Task instructions: Output exactly, and only, the lines below from the one with "Subtract/1 -> p_bat/1" down to the one with "Product/1 -> Product1/2". Include both end lines and no pictures.

Stored data:
━━━━

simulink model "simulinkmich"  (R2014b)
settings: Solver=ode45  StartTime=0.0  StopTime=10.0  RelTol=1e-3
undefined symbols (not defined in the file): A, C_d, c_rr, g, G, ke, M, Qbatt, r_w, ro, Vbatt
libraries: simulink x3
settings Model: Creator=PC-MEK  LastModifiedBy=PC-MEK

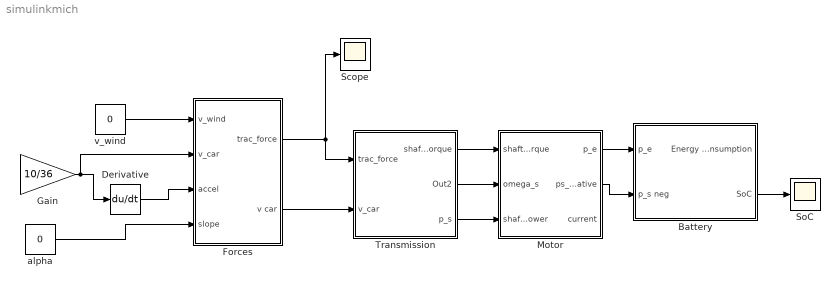
== system simulinkmich ==
  Battery : Subsystem
  Derivative : Derivative
  Forces : Subsystem
  Gain : Gain  Gain=10/36
  Motor : Subsystem
  Scope : Scope
  SoC : Scope
  Transmission : Subsystem
  alpha : Constant  Value=0
  v_wind : Constant  Value=0
  wires:
  Motor/1(p_e) -> Battery/1(p_e)
  Transmission/1(shaft_torque) -> Motor/1(shaft_torque)
  Forces/1(trac_force) -> Transmission/1(trac_force), Scope/1
  Forces/2(v car) -> Transmission/2(v_car)
  alpha/1 -> Forces/4(slope)
  Derivative/1 -> Forces/3(accel)
  Gain/1 -> Forces/2(v_car), Derivative/1
  v_wind/1 -> Forces/1(v_wind)
  Transmission/2(Out2) -> Motor/2(omega_s)
  Transmission/3(p_s) -> Motor/3(shaft_power)
  Motor/2(ps_negative) -> Battery/2(p_s neg)
  Battery/2(SoC) -> SoC/1

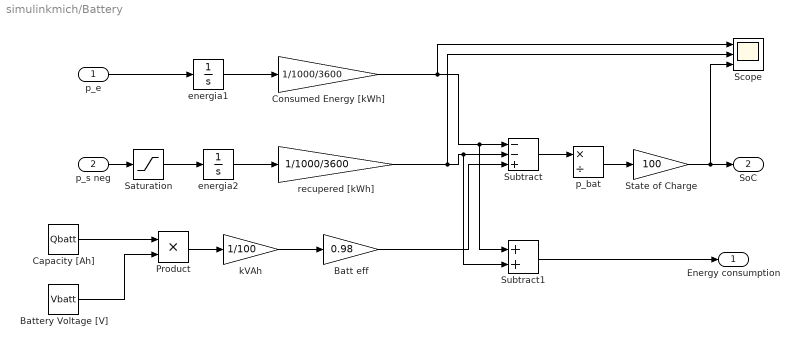
== system simulinkmich/Battery ==
  p_e : Inport
  p_s neg : Inport  Port=2
  Batt eff : Gain  Gain=0.98
  Battery Voltage [V] : Constant  Value=Vbatt
  Capacity [Ah] : Constant  Value=Qbatt
  Consumed Energy [kWh] : Gain  Gain=1/1000/3600
  Product : Product
  Saturation : Saturate
  Scope : Scope  NumInputPorts=3
      settings: YMin=-5~-5~-5  YMax=5~5~5  SaveName=ScopeData5
  State of Charge : Gain  Gain=100
  Subtract : Sum  Inputs=--+
  Subtract1 : Sum
  energia1 : Integrator
  energia2 : Integrator
  kVAh : Gain  Gain=1/100
  p_bat : Product  Inputs=*/
  recupered [kWh] : Gain  Gain=1/1000/3600
  Energy consumption : Outport
  SoC : Outport  Port=2
  wires:
  State of Charge/1 -> Scope/3, SoC/1
  p_bat/1 -> State of Charge/1
  Capacity [Ah]/1 -> Product/1
  Battery Voltage [V]/1 -> Product/2
  Product/1 -> kVAh/1
  kVAh/1 -> Batt eff/1
  Subtract/1 -> p_bat/1
  p_e/1 -> energia1/1
  p_s neg/1 -> Saturation/1
  Saturation/1 -> energia2/1
  energia2/1 -> recupered [kWh]/1
  energia1/1 -> Consumed Energy [kWh]/1
  Consumed Energy [kWh]/1 -> Scope/1, Subtract1/1, Subtract/1
  recupered [kWh]/1 -> Scope/2, Subtract1/2, Subtract/2
  Batt eff/1 -> Subtract/3
  Subtract1/1 -> Energy consumption/1

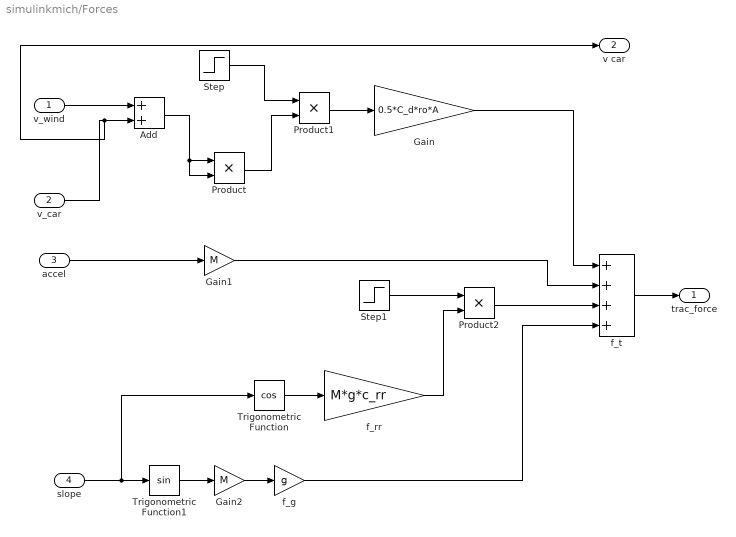
== system simulinkmich/Forces ==
  v_wind : Inport
  v_car : Inport  Port=2
  accel : Inport  Port=3
  slope : Inport  Port=4
  Add : Sum
  Gain : Gain  Gain=0.5*C_d*ro*A
  Gain1 : Gain  Gain=M
  Gain2 : Gain  Gain=M
  Product : Product
  Product1 : Product
  Product2 : Product
  Step : Step  SampleTime=0
  Step1 : Step  SampleTime=0
  Trigonometric Function : Trigonometry  Operator=cos
  Trigonometric Function1 : Trigonometry
  f_g : Gain  Gain=g
  f_rr : Gain  Gain=M*g*c_rr
  f_t : Sum  Inputs=++++
  trac_force : Outport
  v car : Outport  Port=2
  wires:
  Product1/1 -> Gain/1
  Product/1 -> Product1/2
  Step/1 -> Product1/1
  Add/1 -> Product/1, Product/2
  v_wind/1 -> Add/1
  v_car/1 -> v car/1, Add/2
  f_t/1 -> trac_force/1
  Trigonometric Function/1 -> f_rr/1
  Gain2/1 -> f_g/1
  Trigonometric Function1/1 -> Gain2/1
  slope/1 -> Trigonometric Function/1, Trigonometric Function1/1
  f_g/1 -> f_t/4
  Product2/1 -> f_t/3
  f_rr/1 -> Product2/2
  Step1/1 -> Product2/1
  accel/1 -> Gain1/1
  Gain1/1 -> f_t/2
  Gain/1 -> f_t/1

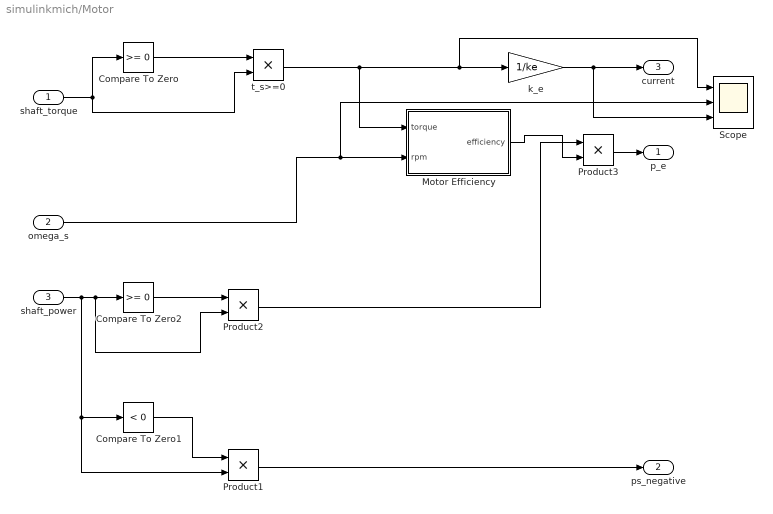
== system simulinkmich/Motor ==
  shaft_torque : Inport
  omega_s : Inport  Port=2
  shaft_power : Inport  Port=3
  Compare To Zero : simulink/Logic and Bit Operations/Compare To Zero  relop=>=  OutDataTypeStr=boolean
  Compare To Zero1 : simulink/Logic and Bit Operations/Compare To Zero  relop=<  OutDataTypeStr=boolean
  Compare To Zero2 : simulink/Logic and Bit Operations/Compare To Zero  relop=>=  OutDataTypeStr=boolean
  Motor Efficiency : Subsystem
  Product1 : Product
  Product2 : Product
  Product3 : Product
  Scope : Scope  NumInputPorts=3
      settings: YMin=-5~-5~-5  YMax=5~5~5  SaveName=ScopeData4
  k_e : Gain  Gain=1/ke
  t_s>=0 : Product
  p_e : Outport
  ps_negative : Outport  Port=2
  current : Outport  Port=3
  wires:
  Compare To Zero/1 -> t_s>=0/1
  shaft_torque/1 -> Compare To Zero/1, t_s>=0/2
  k_e/1 -> Scope/3, current/1
  t_s>=0/1 -> Motor Efficiency/1(torque), Scope/1, k_e/1
  Product3/1 -> p_e/1
  omega_s/1 -> Scope/2, Motor Efficiency/2(rpm)
  Compare To Zero2/1 -> Product2/1
  Compare To Zero1/1 -> Product1/1
  shaft_power/1 -> Compare To Zero1/1, Product1/2, Product2/2, Compare To Zero2/1
  Product1/1 -> ps_negative/1
  Product2/1 -> Product3/1
  Motor Efficiency/1(efficiency) -> Product3/2

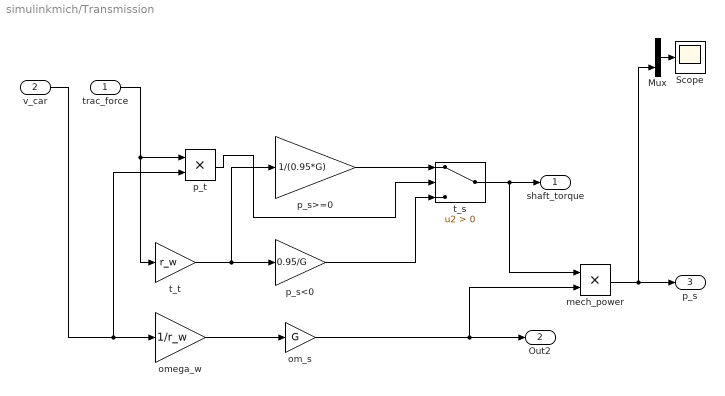
== system simulinkmich/Transmission ==
  trac_force : Inport
  v_car : Inport  Port=2
  Mux : Mux  Inputs=2
  Scope : Scope
      settings: SaveName=ScopeData2
  "mech_power " : Product
  om_s : Gain  Gain=G
  omega_w : Gain  Gain=1/r_w
  p_s<0 : Gain  Gain=0.95/G
  p_s>=0 : Gain  Gain=1/(0.95*G)
  p_t : Product
  t_s : Switch  Criteria=u2 > Threshold
  t_t : Gain  Gain=r_w
  shaft_torque : Outport
  Out2 : Outport  Port=2
  p_s : Outport  Port=3
  wires:
  Mux/1 -> Scope/1
  "mech_power "/1 -> Mux/2, p_s/1
  trac_force/1 -> t_t/1, p_t/1
  t_t/1 -> p_s>=0/1, p_s<0/1
  omega_w/1 -> om_s/1
  p_s>=0/1 -> t_s/1
  p_t/1 -> t_s/2
  p_s<0/1 -> t_s/3
  t_s/1 -> "mech_power "/1, shaft_torque/1
  om_s/1 -> "mech_power "/2, Out2/1
  v_car/1 -> p_t/2, omega_w/1

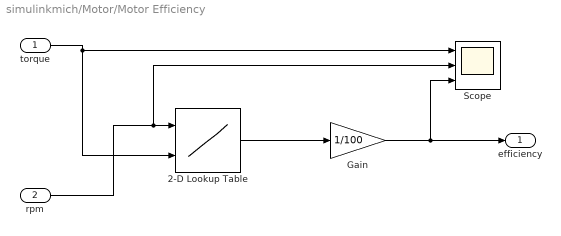
== system simulinkmich/Motor/Motor Efficiency ==
  torque : Inport
  rpm : Inport  Port=2
  2-D Lookup Table : Lookup_n-D  BreakpointsForDimension1=[1:3]  BreakpointsForDimension2=[1:3]  InternalRulePriority=Speed  RndMeth=Simplest  InputSameDT=on
  Gain : Gain  Gain=1/100
  Scope : Scope  NumInputPorts=3
      settings: YMin=-5~-5~-5  YMax=5~5~5  SaveName=ScopeData3
  efficiency : Outport
  wires:
  rpm/1 -> Scope/2, 2-D Lookup Table/1
  torque/1 -> Scope/1, 2-D Lookup Table/2
  2-D Lookup Table/1 -> Gain/1
  Gain/1 -> Scope/3, efficiency/1

━━━━

Exercise output:
  Subtract/1 -> p_bat/1
  p_e/1 -> energia1/1
  p_s neg/1 -> Saturation/1
  Saturation/1 -> energia2/1
  energia2/1 -> recupered [kWh]/1
  energia1/1 -> Consumed Energy [kWh]/1
  Consumed Energy [kWh]/1 -> Scope/1, Subtract1/1, Subtract/1
  recupered [kWh]/1 -> Scope/2, Subtract1/2, Subtract/2
  Batt eff/1 -> Subtract/3
  Subtract1/1 -> Energy consumption/1

== system simulinkmich/Forces ==
  v_wind : Inport
  v_car : Inport  Port=2
  accel : Inport  Port=3
  slope : Inport  Port=4
  Add : Sum
  Gain : Gain  Gain=0.5*C_d*ro*A
  Gain1 : Gain  Gain=M
  Gain2 : Gain  Gain=M
  Product : Product
  Product1 : Product
  Product2 : Product
  Step : Step  SampleTime=0
  Step1 : Step  SampleTime=0
  Trigonometric Function : Trigonometry  Operator=cos
  Trigonometric Function1 : Trigonometry
  f_g : Gain  Gain=g
  f_rr : Gain  Gain=M*g*c_rr
  f_t : Sum  Inputs=++++
  trac_force : Outport
  v car : Outport  Port=2
  wires:
  Product1/1 -> Gain/1
  Product/1 -> Product1/2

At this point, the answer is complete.